▸ WORK ORDER: Where the string "note" occurs in a line of the data below, that line should be copied.
RECORDS TO PROCESS Block Start
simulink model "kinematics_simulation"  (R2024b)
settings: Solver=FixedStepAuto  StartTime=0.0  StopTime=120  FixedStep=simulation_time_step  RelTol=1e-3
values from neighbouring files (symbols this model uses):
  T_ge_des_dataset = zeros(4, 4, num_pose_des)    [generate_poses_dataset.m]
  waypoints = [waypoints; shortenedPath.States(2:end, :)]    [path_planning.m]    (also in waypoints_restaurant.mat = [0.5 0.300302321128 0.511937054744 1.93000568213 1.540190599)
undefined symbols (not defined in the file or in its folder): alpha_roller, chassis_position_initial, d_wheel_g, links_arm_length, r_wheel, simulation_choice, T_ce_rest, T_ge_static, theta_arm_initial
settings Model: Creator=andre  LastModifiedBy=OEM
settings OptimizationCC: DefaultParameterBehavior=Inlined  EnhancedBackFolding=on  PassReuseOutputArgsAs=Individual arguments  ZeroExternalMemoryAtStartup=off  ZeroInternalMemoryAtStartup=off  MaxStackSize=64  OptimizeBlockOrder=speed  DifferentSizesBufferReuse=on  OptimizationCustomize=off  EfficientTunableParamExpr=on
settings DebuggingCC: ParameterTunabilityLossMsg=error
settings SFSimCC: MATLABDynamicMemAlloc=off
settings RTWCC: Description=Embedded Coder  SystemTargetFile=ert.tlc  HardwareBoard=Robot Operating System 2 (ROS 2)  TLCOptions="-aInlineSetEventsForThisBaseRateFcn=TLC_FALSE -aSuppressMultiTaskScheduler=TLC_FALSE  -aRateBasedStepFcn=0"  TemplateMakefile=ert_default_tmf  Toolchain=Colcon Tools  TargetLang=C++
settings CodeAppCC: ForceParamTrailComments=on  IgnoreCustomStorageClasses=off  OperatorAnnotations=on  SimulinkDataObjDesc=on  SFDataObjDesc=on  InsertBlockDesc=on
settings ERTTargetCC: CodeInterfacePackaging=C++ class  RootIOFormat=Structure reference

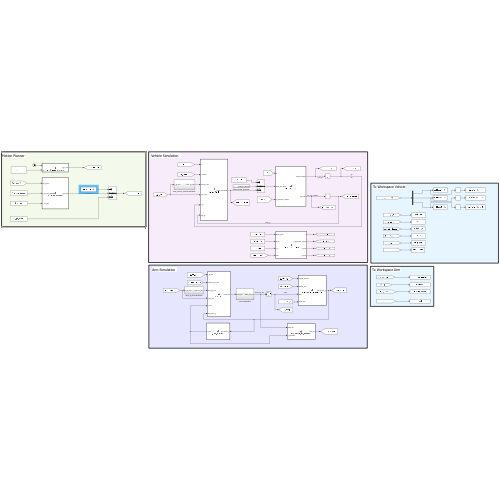
[thumbnail: Simulink's stored preview of the top-level diagram]
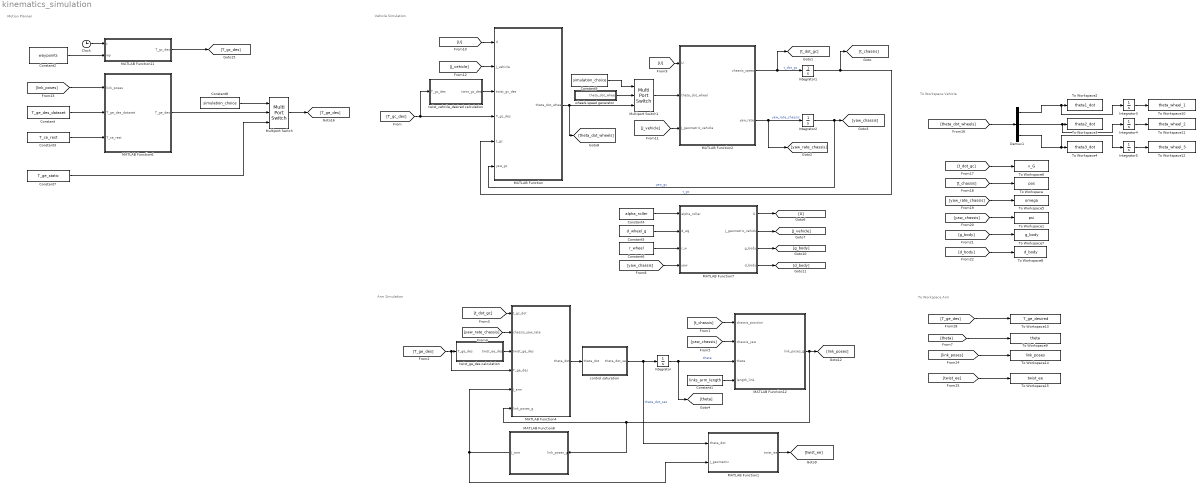
== system kinematics_simulation ==
  note: Arm Simulation
  note: To Workspace Vehicle
  note: Vehicle Simulation
  note: Motion Planner
  note: To Workspace Arm
  Clock : Clock
  Constant : Constant  Value=T_ge_des_dataset
  Constant1 : Constant  Value=links_arm_length
  Constant2 : Constant  Value=waypoints
  Constant3 : Constant  Value=T_ce_rest
  Constant4 : Constant  Value=alpha_roller
  Constant5 : Constant  Value=d_wheel_g
  Constant6 : Constant  Value=r_wheel
  Constant7 : Constant  Value=T_ge_static
  Constant8 : Constant  Value=simulation_choice
  Constant9 : Constant  Value=simulation_choice
  Demux1 : Demux  Outputs=3
  Integrator : Integrator  InitialCondition=theta_arm_initial  WrapState=on  WrappedStateUpperValue=2 * pi * ones(7,1)  WrappedStateLowerValue=zeros(7,1)
  Integrator1 : Integrator  InitialCondition=chassis_position_initial
  Integrator2 : Integrator  WrappedStateUpperValue=2*pi  WrappedStateLowerValue=0
  Integrator3 : Integrator
  Integrator4 : Integrator
  Integrator5 : Integrator
  MATLAB Function : MATLAB Function  TreatAsAtomicUnit=on
  MATLAB Function1 : MATLAB Function  TreatAsAtomicUnit=on
  MATLAB Function11 : MATLAB Function  TreatAsAtomicUnit=on
  MATLAB Function12 : MATLAB Function  TreatAsAtomicUnit=on
  MATLAB Function2 : MATLAB Function  TreatAsAtomicUnit=on
  MATLAB Function4 : MATLAB Function  TreatAsAtomicUnit=on
  MATLAB Function6 : MATLAB Function  TreatAsAtomicUnit=on
  MATLAB Function7 : MATLAB Function  TreatAsAtomicUnit=on
  MATLAB Function8 : MATLAB Function  TreatAsAtomicUnit=on
  Multiport Switch : MultiPortSwitch  Inputs=2  SaturateOnIntegerOverflow=off  InputSameDT=off
  Multiport Switch1 : MultiPortSwitch  Inputs=2  SaturateOnIntegerOverflow=off  InputSameDT=off
  To Workspace : ToWorkspace  VariableName=pos  SaveFormat=Timeseries  SampleTime=-1
  To Workspace1 : ToWorkspace  VariableName=psi  SaveFormat=Timeseries  SampleTime=-1
  To Workspace10 : ToWorkspace  VariableName=theta_wheel_1  SaveFormat=Timeseries  SampleTime=-1
  To Workspace11 : ToWorkspace  VariableName=theta_wheel_2  SaveFormat=Timeseries  SampleTime=-1
  To Workspace12 : ToWorkspace  VariableName=theta_wheel_3  SaveFormat=Timeseries  SampleTime=-1
  To Workspace13 : ToWorkspace  VariableName=T_ge_desired  SaveFormat=Timeseries  SampleTime=-1
  To Workspace14 : ToWorkspace  VariableName=link_poses  SaveFormat=Timeseries  SampleTime=-1
  To Workspace15 : ToWorkspace  VariableName=twist_ee  SaveFormat=Timeseries  SampleTime=-1
  To Workspace2 : ToWorkspace  VariableName=theta1_dot  SaveFormat=Timeseries  SampleTime=-1
  To Workspace3 : ToWorkspace  VariableName=theta2_dot  SaveFormat=Timeseries  SampleTime=-1
  To Workspace4 : ToWorkspace  VariableName=theta3_dot  SaveFormat=Timeseries  SampleTime=-1
  To Workspace5 : ToWorkspace  VariableName=omega  SaveFormat=Timeseries  SampleTime=-1
  To Workspace6 : ToWorkspace  VariableName=v_G  SaveFormat=Timeseries  SampleTime=-1
  To Workspace7 : ToWorkspace  VariableName=g_body  SaveFormat=Timeseries  SampleTime=-1
  To Workspace8 : ToWorkspace  VariableName=d_body  SaveFormat=Timeseries  SampleTime=-1
  To Workspace9 : ToWorkspace  VariableName=theta  SaveFormat=Timeseries  SampleTime=-1
  control saturation : Subsystem
  twist_ge_des calculation : Subsystem
  twist_vehcile_desired calculation : Subsystem
  wheels speed generator : Subsystem
  wires:
  MATLAB Function11/1(T_gc_des) -> [T_gc_des]
  [J_vehicle] -> MATLAB Function2/3(J_geometric_vehicle)
  [link_poses] -> To Workspace14/1
  [yaw_rate_chassis] -> To Workspace5/1
  twist_ge_des calculation/1(twist_ee_des) -> MATLAB Function4/3(twist_ge_des)
  MATLAB Function7/4(d_body) -> [d_body]
  Constant7/1 -> Multiport Switch/3
  Multiport Switch1/1 -> MATLAB Function2/2(theta_dot_wheel)
  Integrator5/1 -> To Workspace12/1
  [U] -> MATLAB Function2/1(U)
  MATLAB Function2/1(chassis_speed) -> Integrator1/1, [t_dot_gc]  "t_dot_gc"
  [yaw_chassis] -> MATLAB Function7/4(yaw)
  Integrator3/1 -> To Workspace10/1
  twist_vehcile_desired calculation/1(twist_gc_des) -> MATLAB Function/3(twist_gc_des)
  Constant6/1 -> MATLAB Function7/3(r_w)
  Integrator1/1 -> MATLAB Function/5(t_gc), [t_chassis]  "t_gc"
  Demux1/3 -> Integrator5/1, To Workspace4/1
  [T_ge_des] -> MATLAB Function4/4(T_ge_des), twist_ge_des calculation/1(T_ge_des)
  Constant2/1 -> MATLAB Function11/2(wp)
  [theta] -> To Workspace9/1
  Constant5/1 -> MATLAB Function7/2(d_wg)
  [yaw_chassis] -> MATLAB Function12/2(chassis_yaw)
  MATLAB Function2/2(yaw_rate) -> [yaw_rate_chassis], Integrator2/1  "yaw_rate_chassis"
  wheels speed generator/1(theta_dot_wheel) -> Multiport Switch1/2
  [t_dot_gc] -> MATLAB Function4/1(t_gc_dot)
  MATLAB Function7/1(U) -> [U]
  [t_chassis] -> To Workspace/1
  [d_body] -> To Workspace8/1
  [link_poses] -> MATLAB Function6/1(link_poses)
  Constant3/1 -> MATLAB Function6/3(T_ce_rest)
  Demux1/1 -> Integrator3/1, To Workspace2/1
  Clock/1 -> MATLAB Function11/1(t)
  MATLAB Function/1(theta_dot_wheel) -> [theta_dot_wheels], Multiport Switch1/3
  Integrator4/1 -> To Workspace11/1
  [t_chassis] -> MATLAB Function12/1(chassis_position)
  [J_vehicle] -> MATLAB Function/2(J_vehicle)
  Demux1/2 -> Integrator4/1, To Workspace3/1
  MATLAB Function6/1(T_ge_des) -> Multiport Switch/2
  Integrator/1 -> [theta], MATLAB Function12/3(theta)  "theta"
  Constant/1 -> MATLAB Function6/2(T_ge_des_dataset)
  MATLAB Function4/1(theta_dot) -> control saturation/1(theta_dot)
  [t_dot_gc] -> To Workspace6/1
  Constant4/1 -> MATLAB Function7/1(alpha_roller)
  [g_body] -> To Workspace7/1
  Multiport Switch/1 -> [T_ge_des]
  MATLAB Function7/2(J_geometric_vehicle) -> [J_vehicle]
  MATLAB Function1/1(twist_ee) -> [twist_ee]
  MATLAB Function12/1(link_poses_g) -> [link_poses], MATLAB Function4/6(link_poses_g), MATLAB Function8/1(link_poses_g)
  Integrator2/1 -> [yaw_chassis], MATLAB Function/6(yaw_gc)  "yaw_gc"
  [twist_ee] -> To Workspace15/1
  [T_ge_des] -> To Workspace13/1
  [yaw_rate_chassis] -> MATLAB Function4/2(chassis_yaw_rate)
  MATLAB Function7/3(g_body) -> [g_body]
  [theta_dot_wheels] -> Demux1/1
  [yaw_chassis] -> To Workspace1/1
  [T_gc_des] -> twist_vehcile_desired calculation/1(T_gc_des), MATLAB Function/4(T_gc_des)
  MATLAB Function8/1(J_arm) -> MATLAB Function1/2(J_geometric), MATLAB Function4/5(J_arm)
  Constant1/1 -> MATLAB Function12/4(length_link)
  [U] -> MATLAB Function/1(U)
  control saturation/1(theta_dot_sat) -> Integrator/1, MATLAB Function1/1(theta_dot)  "theta_dot_sat"
  Constant8/1 -> Multiport Switch/1
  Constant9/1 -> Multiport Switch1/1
RECORDS TO PROCESS Block End
▸ OUTPUT OF THE TASK:
  note: Arm Simulation
  note: To Workspace Vehicle
  note: Vehicle Simulation
  note: Motion Planner
  note: To Workspace Arm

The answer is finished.